DATASET RECORDS |
■ ■ ■ ■ ■
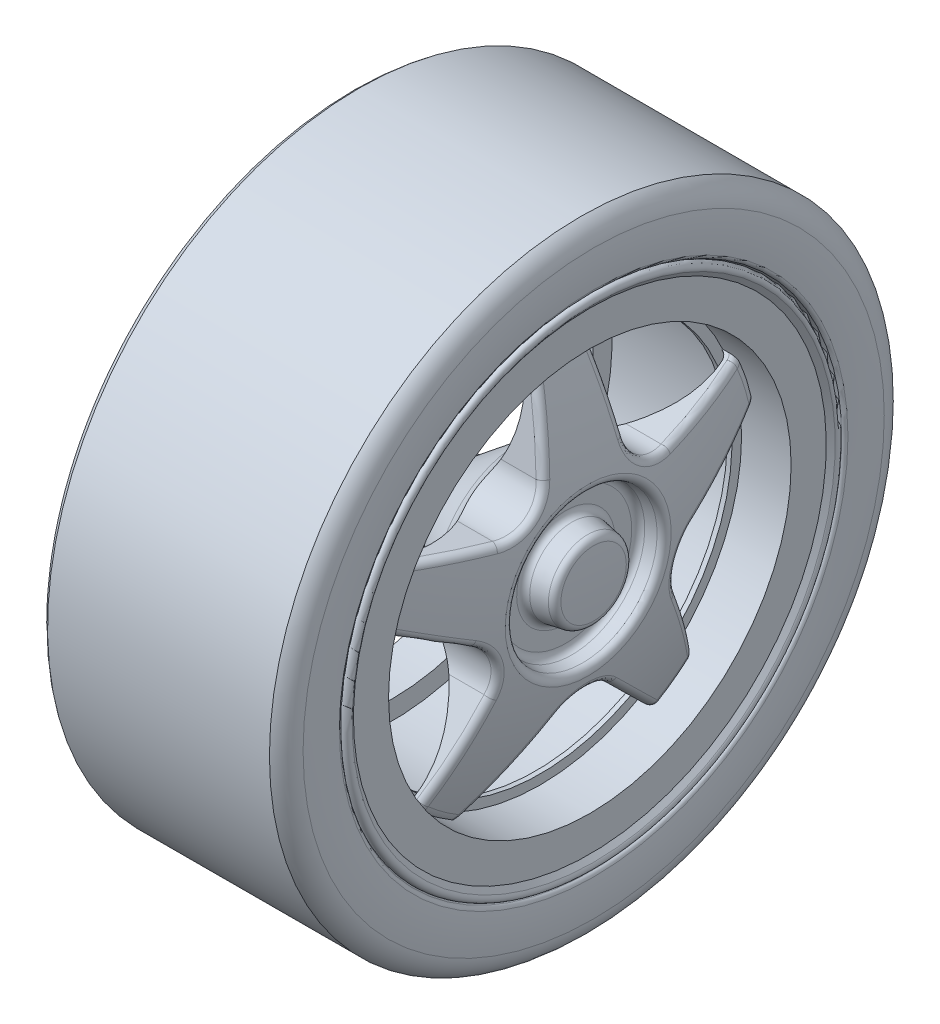
SolidWorks part; units mm, degrees
material "ABS"
ref_plane "Alzado" through (0, 0, 0) normal (0, 0, 1) x (1, 0, 0)
ref_plane "Planta" through (0, 0, 0) normal (0, 1, 0) x (1, 0, 0)
ref_plane "Vista lateral" through (0, 0, 0) normal (1, 0, 0) x (0, 0, -1)
sketch "Croquis1" plane through (0, 0, 0) normal (0, 0, 1) x (1, 0, 0)
  line L0 (-13, 26) -> (13, 26) construction
  line L1 (-13, 0) -> (13, 0) construction
  line L2 (-13, 0) -> (-13, 33) construction
  line L3 (-13, 33) -> (13, 33) construction
  line L4 (13, 0) -> (13, 33) construction
  line L5 (-12.2647, 25.9412) -> (-10.5, 25)
  line L6 (12.2647, 25.9412) -> (10.5, 25)
  line L7 (-10.5, 25) -> (10.5, 25)
  line L8 (0, 26) -> (0, 25) construction
  line L9 (12.8997, 25.1996) -> (12.5, 24.6678)
  line L10 (12.5, 24.6678) -> (12.5, 21)
  line L11 (12.5, 21) -> (8.8322, 21)
  line L12 (12.8574, 4) -> (10, 4.5)
  line L13 (10, 4.5) -> (10, 7.5)
  line L14 (10, 7.5) -> (12.4379, 7.9266)
  line L15 (-12.8997, 25.1996) -> (-12.5, 24.6678)
  line L16 (-12.5, 24.6678) -> (-12.5, 21)
  line L17 (-12.5, 21) -> (6.8322, 21)
  line L18 (13, 0) -> (-16, 0)
  line L19 (-16, 0) -> (-16, 4)
  line L20 (-16, 4) -> (0.8553, 6.9494)
  line L21 (13, 0) -> (15.4749, 0) construction
  line L22 (10, 6) -> (12.4749, 6) construction
  line L23 (-0.8188, 16.5163) -> (8.2297, 20.045) construction
  line L24 (6.8322, 21) -> (8.8322, 21)
  arc A0 (-12.8997, 25.1996) -> (-12.2647, 25.9412) centre (-12.5, 25.5) cw
  arc A1 (12.8997, 25.1996) -> (12.2647, 25.9412) centre (12.5, 25.5) ccw
  arc A2 (8.8322, 21) -> (9.1614, 20.4083) centre (6.8322, 19.5) cw
  arc A3 (9.1614, 20.4083) -> (12.4379, 7.9266) centre (-43.1704, 0) cw
  arc A4 (12.4379, 7.9266) -> (12.8574, 4) centre (-43.1704, 0) cw construction
  arc A5 (12.8574, 4) -> (13, 0) centre (-43.1704, 0) cw
  arc A6 (0.8553, 6.9494) -> (8.2297, 20.045) centre (-0.8188, 16.5163) ccw
  arc A7 (8.2297, 20.045) -> (6.8322, 21) centre (6.8322, 19.5) ccw
  dimension "D6" = 0.5
  dimension "D9" = 2.5
  dimension "D15" = 1
  dimension "D1" = 33
  dimension "D2" = 26
  dimension "D3" = 26
  dimension "D4" = 1
  dimension "D5" = 2
  dimension "D7" = 25
  dimension "D8" = 5
  dimension "D10" = 8
  dimension "D11" = 3
  dimension "D12" = 0.5
  dimension "D13" = 3
  dimension "D14" = 29
revolve "Revolución1" add sketch "Croquis1" angle 360 about L18 region at (0, 23.0694, 0)
revolve "Revolución2" add sketch "Croquis1<3>" angle 360 about L18 region at (1.3597, 4.9037, 0)
sketch "Croquis1<3>" plane through (0, 0, 0) normal (0, 0, 1) x (1, 0, 0) same geometry as "Croquis1"
sketch "Croquis2" plane through (0, 0, 0) normal (1, 0, 0) x (0, 0, -1)
  line L0 (-19.0325, 8.8749) -> (-8.789, 7.3126)
  line L1 (-2.4669, 21.4052) -> (-2.5592, 20.8435) construction
  line L2 (-19.5952, 8.9608) -> (-19.0325, 8.8749) construction
  line L3 (-2.5592, 20.8435) -> (-4.2387, 10.6185)
  circle A0 centre (0, 21) radius 2.5 construction
  circle A1 centre (0, 0) radius 21 construction
  circle A2 centre (19.9722, 6.4894) radius 2.5
  circle A3 centre (12.3435, -16.9894) radius 2.5
  circle A4 centre (-12.3435, -16.9894) radius 2.5
  circle A5 centre (-19.9722, 6.4894) radius 2.5 construction
  arc A6 (-8.789, 7.3126) -> (-4.2387, 10.6185) centre (-8.1858, 11.2669) ccw
  arc A7 (-4.2387, 10.6185) -> (-8.789, 7.3126) centre (-8.1858, 11.2669) ccw construction
  circle A8 centre (0, 0) radius 9.9266 construction
  circle A9 centre (0, 0) radius 7.9266 construction
  arc A10 (-19.0325, 8.8749) -> (-2.5592, 20.8435) centre (0, 0) cw
  point P16 (0, 0)
  dimension "D1" = 5
  dimension "D3" = 8
  dimension "D4" = 2
  dimension "D2" = 5
extrude "Cortar-Extruir1" cut sketch "Croquis2" along normal blind 29 contours A10 L0 A6 L3 region at (0, 13.2098, 9.5975)
ref_axis "Eje1" through (0.8553, 0, 0) along (-1, 0, 0)
pattern_circular "MatrizC1" count 5 over 360 about axis through (0.8553, 0, 0) along (-1, 0, 0) of "Cortar-Extruir1"
sketch "Croquis3" plane through (0, 0, 0) normal (0, 0, 1) x (1, 0, 0)
  line L0 (7.3322, 22.5) -> (7.3322, 19.5)
  line L1 (6.8322, 21) -> (-8.1678, 21)
  line L2 (6.8322, 21) -> (6.8322, 23)
  line L3 (6.8322, 23) -> (-8.1678, 23)
  line L4 (-8.1678, 21) -> (-8.1678, 23)
  line L5 (7.3322, 19.5) -> (6.8322, 19.5)
  line L6 (6.8322, 19.5) -> (6.8322, 21)
  line L7 (6.8322, 23) -> (7.3322, 23)
  line L8 (7.3322, 23) -> (7.3322, 22.5)
  arc A0 (6.8322, 23) -> (7.3322, 22.5) centre (6.8322, 22.5) cw construction
  dimension "D1" = 2
  dimension "D2" = 0.5
  dimension "D3" = 1.5
  dimension "D4" = 15
revolve "Cortar-Revolución1" cut sketch "Croquis3" angle 360 about axis through (0.8553, 0, 0) along (-1, 0, 0) region at (7.0822, 21.25, 0) region at (-0.6678, 22, 0)
sketch "Croquis4" plane through (0, 0, 0) normal (0, 0, 1) x (1, 0, 0)
  line L0 (12.5, 21) -> (7.3322, 21) construction
  line L1 (7.3322, 23) -> (6.8322, 23)
  line L2 (7.3322, 23) -> (7.3322, 20)
  line L3 (7.3322, 20) -> (6.8322, 20)
  line L4 (6.8322, 23) -> (6.8322, 21.5) construction
  line L5 (6.8322, 23) -> (5.3322, 23)
  line L6 (7.3322, 23) -> (-8.1678, 23) construction
  line L7 (6.8322, 21.5) -> (6.8322, 20)
  arc A0 (5.3322, 23) -> (6.8322, 21.5) centre (5.3322, 21.5) cw
  dimension "D1" = 1
  dimension "D2" = 0.5
revolve "Revolución3" add sketch "Croquis4" angle 360 about axis through (0.8553, 0, 0) along (-1, 0, 0)
fillet "Redondeo1" radius 0.75 28 edges at (12.1094, -3.5064, 9.3252) (10.7135, 1.5145, 15.7908) (10.7135, 8.0563, 13.6652) (12.1094, 7.7853, 6.2165) (10.7135, 15.4859, 3.4392) (10.7135, 15.4859, -3.4392) (12.1094, 8.318, -5.4832) (10.7135, 8.0563, -13.6652) (10.7135, 1.5145, -15.7908) (12.1094, -2.6445, -9.6053) (10.7135, -10.5069, -11.8848) (10.7135, -14.5499, -6.32) (12.1094, -9.9523, -0.4532) (10.7135, -14.5499, 6.32) (10.7135, -10.5069, 11.8848) (12.8574, 4, 0) (10, 4.5, 0) (10, 7.5, 0)
sketch "Croquis6" plane through (0, 0, 0) normal (0, 0, 1) x (1, 0, 0)
  line L0 (-16, 4) -> (-1, 4)
  line L1 (-1, 4) -> (5.1987, 8.8928)
  line L2 (-16, 4) -> (0.8553, 6.9494)
  arc A0 (0.8553, 6.9494) -> (5.1987, 8.8928) centre (-0.8188, 16.5163) ccw
  arc A1 (0.8553, 6.9494) -> (8.8934, 16.5163) centre (-0.8188, 16.5163) ccw construction
  dimension "D1" = 15
revolve "Cortar-Revolución4" cut sketch "Croquis6" angle 360 about axis through (0.8553, 0, 0) along (-1, 0, 0)
sketch "Croquis7" plane through (0, 0, 0) normal (0, 0, 1) x (1, 0, 0)
  line L0 (-13, 0) -> (-13, 33) construction
  line L1 (-12.2647, 25.9412) -> (-10.5, 25) construction
  line L2 (12.6381, 26.1403) -> (10.5, 25)
  line L3 (-10.5, 25) -> (10.5, 25)
  line L4 (13, 0) -> (13, 33) construction
  line L5 (0, 32.9) -> (0, 33) construction
  line L8 (-13, 33) -> (13, 33) construction
  line L9 (-12.6381, 26.1403) -> (-10.5, 25)
  arc A0 (-12.9, 26.5288) -> (-12.9, 30.316) centre (4.9782, 28.4224) cw
  arc A1 (-12.2647, 25.9412) -> (-12.8997, 25.1996) centre (-12.5, 25.5) ccw construction
  arc A2 (-9.8562, 32.9994) -> (9.8562, 32.9994) centre (0, 521.6534) ccw
  arc A3 (12.9, 30.316) -> (12.9, 26.5288) centre (-4.9782, 28.4224) cw
  arc A4 (12.9, 30.316) -> (9.8562, 32.9994) centre (9.9167, 30) ccw
  arc A5 (-12.9, 30.316) -> (-9.8562, 32.9994) centre (-9.9167, 30) cw
  arc A6 (-12.9, 26.5288) -> (-12.6381, 26.1403) centre (-12.4028, 26.5815) ccw
  arc A7 (12.9, 26.5288) -> (12.6381, 26.1403) centre (12.4028, 26.5815) cw
  arc A8 (12.8997, 25.1996) -> (12.2647, 25.9412) centre (12.5, 25.5) ccw construction
  dimension "D1" = 3
  dimension "D2" = 0.1
  dimension "D3" = 0.1
revolve "Revolución4" add sketch "Croquis7" angle 360 about L18
fillet "Redondeo2" radius 0.75 1 edges at (12.4379, 7.9266, 0)
sketch "Croquis8" plane through (-16, 0, 0) normal (-1, 0, 0) x (0, 0, 1)
  line L0 (-1.8, 2.0125) -> (-1.8, -2.0125)
  line L1 (1.8, -2.0125) -> (1.8, 2.0125)
  circle A0 centre (0, 0) radius 2.7 construction
  circle A1 centre (0, 0) radius 4 construction
  arc A2 (-1.8, 2.0125) -> (1.8, 2.0125) centre (0, 0) cw
  arc A3 (-1.8, -2.0125) -> (1.8, -2.0125) centre (0, 0) ccw
  dimension "D1" = 5.4
  dimension "D2" = 3.6
extrude "Cortar-Extruir2" cut sketch "Croquis8" against normal blind 10
sketch "Эскиз1" plane through (0, 0, 0) normal (1, 0, 0) x (0, 0, -1)
  circle A0 centre (0, 0) radius 32.5
  circle A1 centre (0, 0) radius 41.1363
extrude "Вырез-Вытянуть4" cut sketch "Эскиз1" along normal through all both and the other way through all contours A1 A0 region at (0, 0, 39.9728)
■ ■ ■ ■ ■
Within the listing above, extract exactly the lines from the line with "arc A0 (0.8553, 6.9494)" to the line with "circle A1 centre (0, 0) radius 41.1363", the two named lines included, and no others.

TASK RESPONSE |
  arc A0 (0.8553, 6.9494) -> (5.1987, 8.8928) centre (-0.8188, 16.5163) ccw
  arc A1 (0.8553, 6.9494) -> (8.8934, 16.5163) centre (-0.8188, 16.5163) ccw construction
  dimension "D1" = 15
revolve "Cortar-Revolución4" cut sketch "Croquis6" angle 360 about axis through (0.8553, 0, 0) along (-1, 0, 0)
sketch "Croquis7" plane through (0, 0, 0) normal (0, 0, 1) x (1, 0, 0)
  line L0 (-13, 0) -> (-13, 33) construction
  line L1 (-12.2647, 25.9412) -> (-10.5, 25) construction
  line L2 (12.6381, 26.1403) -> (10.5, 25)
  line L3 (-10.5, 25) -> (10.5, 25)
  line L4 (13, 0) -> (13, 33) construction
  line L5 (0, 32.9) -> (0, 33) construction
  line L8 (-13, 33) -> (13, 33) construction
  line L9 (-12.6381, 26.1403) -> (-10.5, 25)
  arc A0 (-12.9, 26.5288) -> (-12.9, 30.316) centre (4.9782, 28.4224) cw
  arc A1 (-12.2647, 25.9412) -> (-12.8997, 25.1996) centre (-12.5, 25.5) ccw construction
  arc A2 (-9.8562, 32.9994) -> (9.8562, 32.9994) centre (0, 521.6534) ccw
  arc A3 (12.9, 30.316) -> (12.9, 26.5288) centre (-4.9782, 28.4224) cw
  arc A4 (12.9, 30.316) -> (9.8562, 32.9994) centre (9.9167, 30) ccw
  arc A5 (-12.9, 30.316) -> (-9.8562, 32.9994) centre (-9.9167, 30) cw
  arc A6 (-12.9, 26.5288) -> (-12.6381, 26.1403) centre (-12.4028, 26.5815) ccw
  arc A7 (12.9, 26.5288) -> (12.6381, 26.1403) centre (12.4028, 26.5815) cw
  arc A8 (12.8997, 25.1996) -> (12.2647, 25.9412) centre (12.5, 25.5) ccw construction
  dimension "D1" = 3
  dimension "D2" = 0.1
  dimension "D3" = 0.1
revolve "Revolución4" add sketch "Croquis7" angle 360 about L18
fillet "Redondeo2" radius 0.75 1 edges at (12.4379, 7.9266, 0)
sketch "Croquis8" plane through (-16, 0, 0) normal (-1, 0, 0) x (0, 0, 1)
  line L0 (-1.8, 2.0125) -> (-1.8, -2.0125)
  line L1 (1.8, -2.0125) -> (1.8, 2.0125)
  circle A0 centre (0, 0) radius 2.7 construction
  circle A1 centre (0, 0) radius 4 construction
  arc A2 (-1.8, 2.0125) -> (1.8, 2.0125) centre (0, 0) cw
  arc A3 (-1.8, -2.0125) -> (1.8, -2.0125) centre (0, 0) ccw
  dimension "D1" = 5.4
  dimension "D2" = 3.6
extrude "Cortar-Extruir2" cut sketch "Croquis8" against normal blind 10
sketch "Эскиз1" plane through (0, 0, 0) normal (1, 0, 0) x (0, 0, -1)
  circle A0 centre (0, 0) radius 32.5
  circle A1 centre (0, 0) radius 41.1363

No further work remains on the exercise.